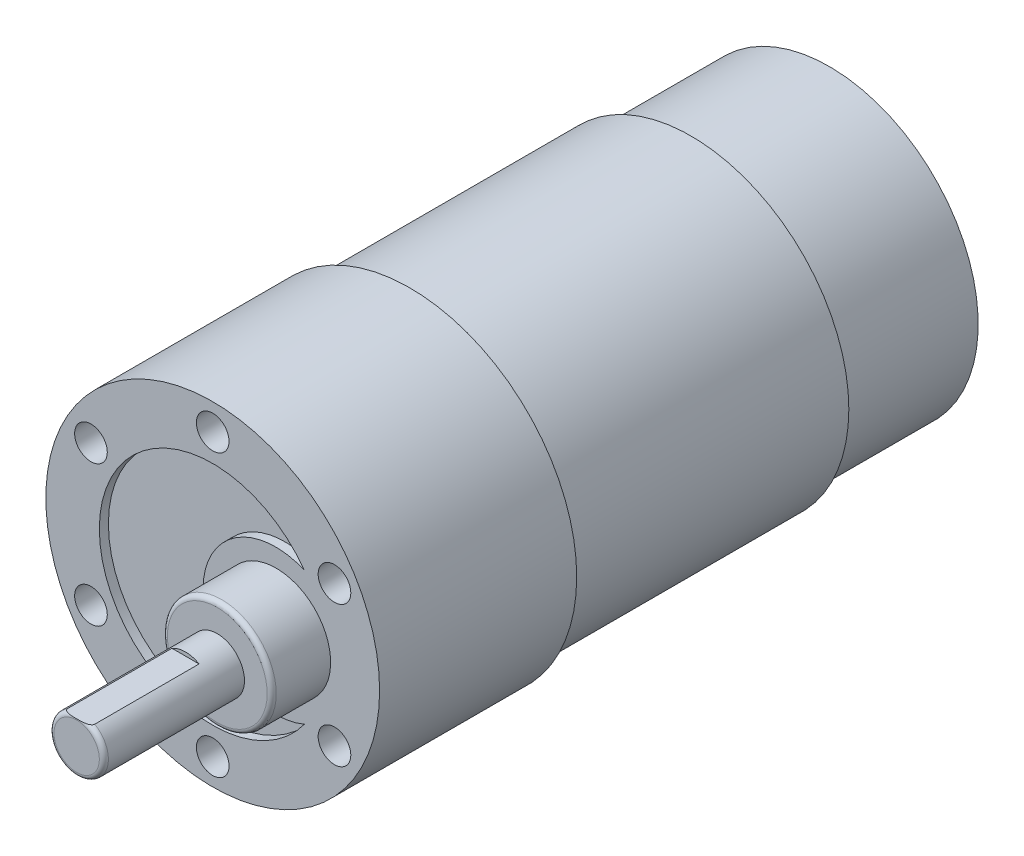
ISO-10303-21;
HEADER;
FILE_DESCRIPTION(('STEP AP214'),'2;1');
FILE_NAME('part.step','',(''),(''),'','','');
FILE_SCHEMA(('AUTOMOTIVE_DESIGN { 1 0 10303 214 1 1 1 1 }'));
ENDSEC;
DATA;
#1=APPLICATION_CONTEXT('core data for automotive mechanical design processes');
#2=APPLICATION_PROTOCOL_DEFINITION('international standard','automotive_design',2000,#1);
#3=PRODUCT_CONTEXT('',#1,'mechanical');
#4=PRODUCT('Part','Part','',(#3));
#5=PRODUCT_RELATED_PRODUCT_CATEGORY('part','',(#4));
#6=PRODUCT_DEFINITION_FORMATION('','',#4);
#7=PRODUCT_DEFINITION_CONTEXT('part definition',#1,'design');
#8=PRODUCT_DEFINITION('design','',#6,#7);
#9=PRODUCT_DEFINITION_SHAPE('','',#8);
#10=(LENGTH_UNIT() NAMED_UNIT(*) SI_UNIT(.MILLI.,.METRE.));
#11=(NAMED_UNIT(*) PLANE_ANGLE_UNIT() SI_UNIT($,.RADIAN.));
#12=(NAMED_UNIT(*) SI_UNIT($,.STERADIAN.) SOLID_ANGLE_UNIT());
#13=UNCERTAINTY_MEASURE_WITH_UNIT(LENGTH_MEASURE(1.E-05),#10,'distance_accuracy_value','');
#14=(GEOMETRIC_REPRESENTATION_CONTEXT(3) GLOBAL_UNCERTAINTY_ASSIGNED_CONTEXT((#13)) GLOBAL_UNIT_ASSIGNED_CONTEXT((#10,
#11,#12)) REPRESENTATION_CONTEXT('',''));
#15=CARTESIAN_POINT('',(0.,0.,0.));
#16=DIRECTION('',(0.,0.,1.));
#17=DIRECTION('',(1.,0.,0.));
#18=AXIS2_PLACEMENT_3D('',#15,#16,#17);
#19=CARTESIAN_POINT('',(0.,0.,-31.));
#20=DIRECTION('',(0.,0.,-1.));
#21=DIRECTION('',(-1.,0.,0.));
#22=AXIS2_PLACEMENT_3D('',#19,#20,#21);
#23=PLANE('',#22);
#24=CARTESIAN_POINT('',(0.,0.,-31.));
#25=DIRECTION('',(0.,0.,-1.));
#26=DIRECTION('',(-1.,0.,0.));
#27=AXIS2_PLACEMENT_3D('',#24,#25,#26);
#28=CIRCLE('',#27,16.4);
#29=CARTESIAN_POINT('',(-16.4,0.,-31.));
#30=VERTEX_POINT('',#29);
#31=EDGE_CURVE('E45',#30,#30,#28,.T.);
#32=ORIENTED_EDGE('',*,*,#31,.F.);
#33=EDGE_LOOP('',(#32));
#34=FACE_BOUND('',#33,.T.);
#35=CARTESIAN_POINT('',(0.,0.,-31.));
#36=DIRECTION('',(0.,0.,-1.));
#37=DIRECTION('',(-1.,0.,0.));
#38=AXIS2_PLACEMENT_3D('',#35,#36,#37);
#39=CIRCLE('',#38,17.4);
#40=CARTESIAN_POINT('',(-17.4,0.,-31.));
#41=VERTEX_POINT('',#40);
#42=EDGE_CURVE('E121',#41,#41,#39,.T.);
#43=ORIENTED_EDGE('',*,*,#42,.T.);
#44=EDGE_LOOP('',(#43));
#45=FACE_BOUND('',#44,.T.);
#46=ADVANCED_FACE('F37',(#34,#45),#23,.T.);
#47=CARTESIAN_POINT('',(0.,0.,21.73));
#48=DIRECTION('',(0.,0.,-1.));
#49=DIRECTION('',(-1.,0.,0.));
#50=AXIS2_PLACEMENT_3D('',#47,#48,#49);
#51=CYLINDRICAL_SURFACE('',#50,18.4);
#52=CARTESIAN_POINT('',(0.,0.,21.73));
#53=DIRECTION('',(0.,0.,1.));
#54=DIRECTION('',(1.,0.,0.));
#55=AXIS2_PLACEMENT_3D('',#52,#53,#54);
#56=CIRCLE('',#55,18.4);
#57=CARTESIAN_POINT('',(18.4,0.,21.73));
#58=VERTEX_POINT('',#57);
#59=EDGE_CURVE('E125',#58,#58,#56,.T.);
#60=ORIENTED_EDGE('',*,*,#59,.F.);
#61=EDGE_LOOP('',(#60));
#62=FACE_BOUND('',#61,.T.);
#63=CARTESIAN_POINT('',(0.,0.,0.));
#64=DIRECTION('',(0.,0.,1.));
#65=DIRECTION('',(1.,0.,0.));
#66=AXIS2_PLACEMENT_3D('',#63,#64,#65);
#67=CIRCLE('',#66,18.4);
#68=CARTESIAN_POINT('',(18.4,0.,0.));
#69=VERTEX_POINT('',#68);
#70=EDGE_CURVE('E124',#69,#69,#67,.T.);
#71=ORIENTED_EDGE('',*,*,#70,.T.);
#72=EDGE_LOOP('',(#71));
#73=FACE_BOUND('',#72,.T.);
#74=ADVANCED_FACE('F178',(#62,#73),#51,.T.);
#75=CARTESIAN_POINT('',(0.,0.,21.73));
#76=DIRECTION('',(0.,0.,1.));
#77=DIRECTION('',(1.,0.,0.));
#78=AXIS2_PLACEMENT_3D('',#75,#76,#77);
#79=PLANE('',#78);
#80=CARTESIAN_POINT('',(13.4233937586587,-7.75000000000016,21.73));
#81=DIRECTION('',(0.,0.,1.));
#82=DIRECTION('',(1.,0.,0.));
#83=AXIS2_PLACEMENT_3D('',#80,#81,#82);
#84=CIRCLE('',#83,1.8);
#85=CARTESIAN_POINT('',(15.2233937586587,-7.75000000000016,21.73));
#86=VERTEX_POINT('',#85);
#87=EDGE_CURVE('E453',#86,#86,#84,.T.);
#88=ORIENTED_EDGE('',*,*,#87,.F.);
#89=EDGE_LOOP('',(#88));
#90=FACE_BOUND('',#89,.T.);
#91=CARTESIAN_POINT('',(13.4233937586589,7.74999999999987,21.73));
#92=DIRECTION('',(0.,0.,1.));
#93=DIRECTION('',(1.,0.,0.));
#94=AXIS2_PLACEMENT_3D('',#91,#92,#93);
#95=CIRCLE('',#94,1.8);
#96=CARTESIAN_POINT('',(15.2233937586589,7.74999999999987,21.73));
#97=VERTEX_POINT('',#96);
#98=EDGE_CURVE('E452',#97,#97,#95,.T.);
#99=ORIENTED_EDGE('',*,*,#98,.F.);
#100=EDGE_LOOP('',(#99));
#101=FACE_BOUND('',#100,.T.);
#102=CARTESIAN_POINT('',(1.08235921504137E-13,15.5,21.73));
#103=DIRECTION('',(0.,0.,1.));
#104=DIRECTION('',(1.,0.,0.));
#105=AXIS2_PLACEMENT_3D('',#102,#103,#104);
#106=CIRCLE('',#105,1.8);
#107=CARTESIAN_POINT('',(1.80000000000011,15.5,21.73));
#108=VERTEX_POINT('',#107);
#109=EDGE_CURVE('E462',#108,#108,#106,.T.);
#110=ORIENTED_EDGE('',*,*,#109,.F.);
#111=EDGE_LOOP('',(#110));
#112=FACE_BOUND('',#111,.T.);
#113=CARTESIAN_POINT('',(-13.4233937586588,7.75000000000006,21.73));
#114=DIRECTION('',(0.,0.,1.));
#115=DIRECTION('',(1.,0.,0.));
#116=AXIS2_PLACEMENT_3D('',#113,#114,#115);
#117=CIRCLE('',#116,1.8);
#118=CARTESIAN_POINT('',(-11.6233937586588,7.75000000000006,21.73));
#119=VERTEX_POINT('',#118);
#120=EDGE_CURVE('E467',#119,#119,#117,.T.);
#121=ORIENTED_EDGE('',*,*,#120,.F.);
#122=EDGE_LOOP('',(#121));
#123=FACE_BOUND('',#122,.T.);
#124=CARTESIAN_POINT('',(-13.4233937586588,-7.74999999999997,21.73));
#125=DIRECTION('',(0.,0.,1.));
#126=DIRECTION('',(1.,0.,0.));
#127=AXIS2_PLACEMENT_3D('',#124,#125,#126);
#128=CIRCLE('',#127,1.8);
#129=CARTESIAN_POINT('',(-11.6233937586588,-7.74999999999997,21.73));
#130=VERTEX_POINT('',#129);
#131=EDGE_CURVE('E473',#130,#130,#128,.T.);
#132=ORIENTED_EDGE('',*,*,#131,.F.);
#133=EDGE_LOOP('',(#132));
#134=FACE_BOUND('',#133,.T.);
#135=CARTESIAN_POINT('',(0.,-15.5,21.73));
#136=DIRECTION('',(0.,0.,1.));
#137=DIRECTION('',(1.,0.,0.));
#138=AXIS2_PLACEMENT_3D('',#135,#136,#137);
#139=CIRCLE('',#138,1.8);
#140=CARTESIAN_POINT('',(1.8,-15.5,21.73));
#141=VERTEX_POINT('',#140);
#142=EDGE_CURVE('E479',#141,#141,#139,.T.);
#143=ORIENTED_EDGE('',*,*,#142,.F.);
#144=EDGE_LOOP('',(#143));
#145=FACE_BOUND('',#144,.T.);
#146=CARTESIAN_POINT('',(6.94021396000303,0.,21.73));
#147=DIRECTION('',(0.,0.,-1.));
#148=DIRECTION('',(1.,0.,0.));
#149=AXIS2_PLACEMENT_3D('',#146,#147,#148);
#150=CIRCLE('',#149,8.);
#151=CARTESIAN_POINT('',(10.116155684814,-7.34257408274541,21.73));
#152=VERTEX_POINT('',#151);
#153=CARTESIAN_POINT('',(10.116155684814,7.3425740827454,21.73));
#154=VERTEX_POINT('',#153);
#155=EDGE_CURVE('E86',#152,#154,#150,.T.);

TRY IT »
In the listing above, find the line with "#16=DIRECTION('',(0.,0.,1.));" and the line with "#23=PLANE('',#22);"; output exactly those lines and all lines between them.

RESULT OF THIS EXERCISE »
#16=DIRECTION('',(0.,0.,1.));
#17=DIRECTION('',(1.,0.,0.));
#18=AXIS2_PLACEMENT_3D('',#15,#16,#17);
#19=CARTESIAN_POINT('',(0.,0.,-31.));
#20=DIRECTION('',(0.,0.,-1.));
#21=DIRECTION('',(-1.,0.,0.));
#22=AXIS2_PLACEMENT_3D('',#19,#20,#21);
#23=PLANE('',#22);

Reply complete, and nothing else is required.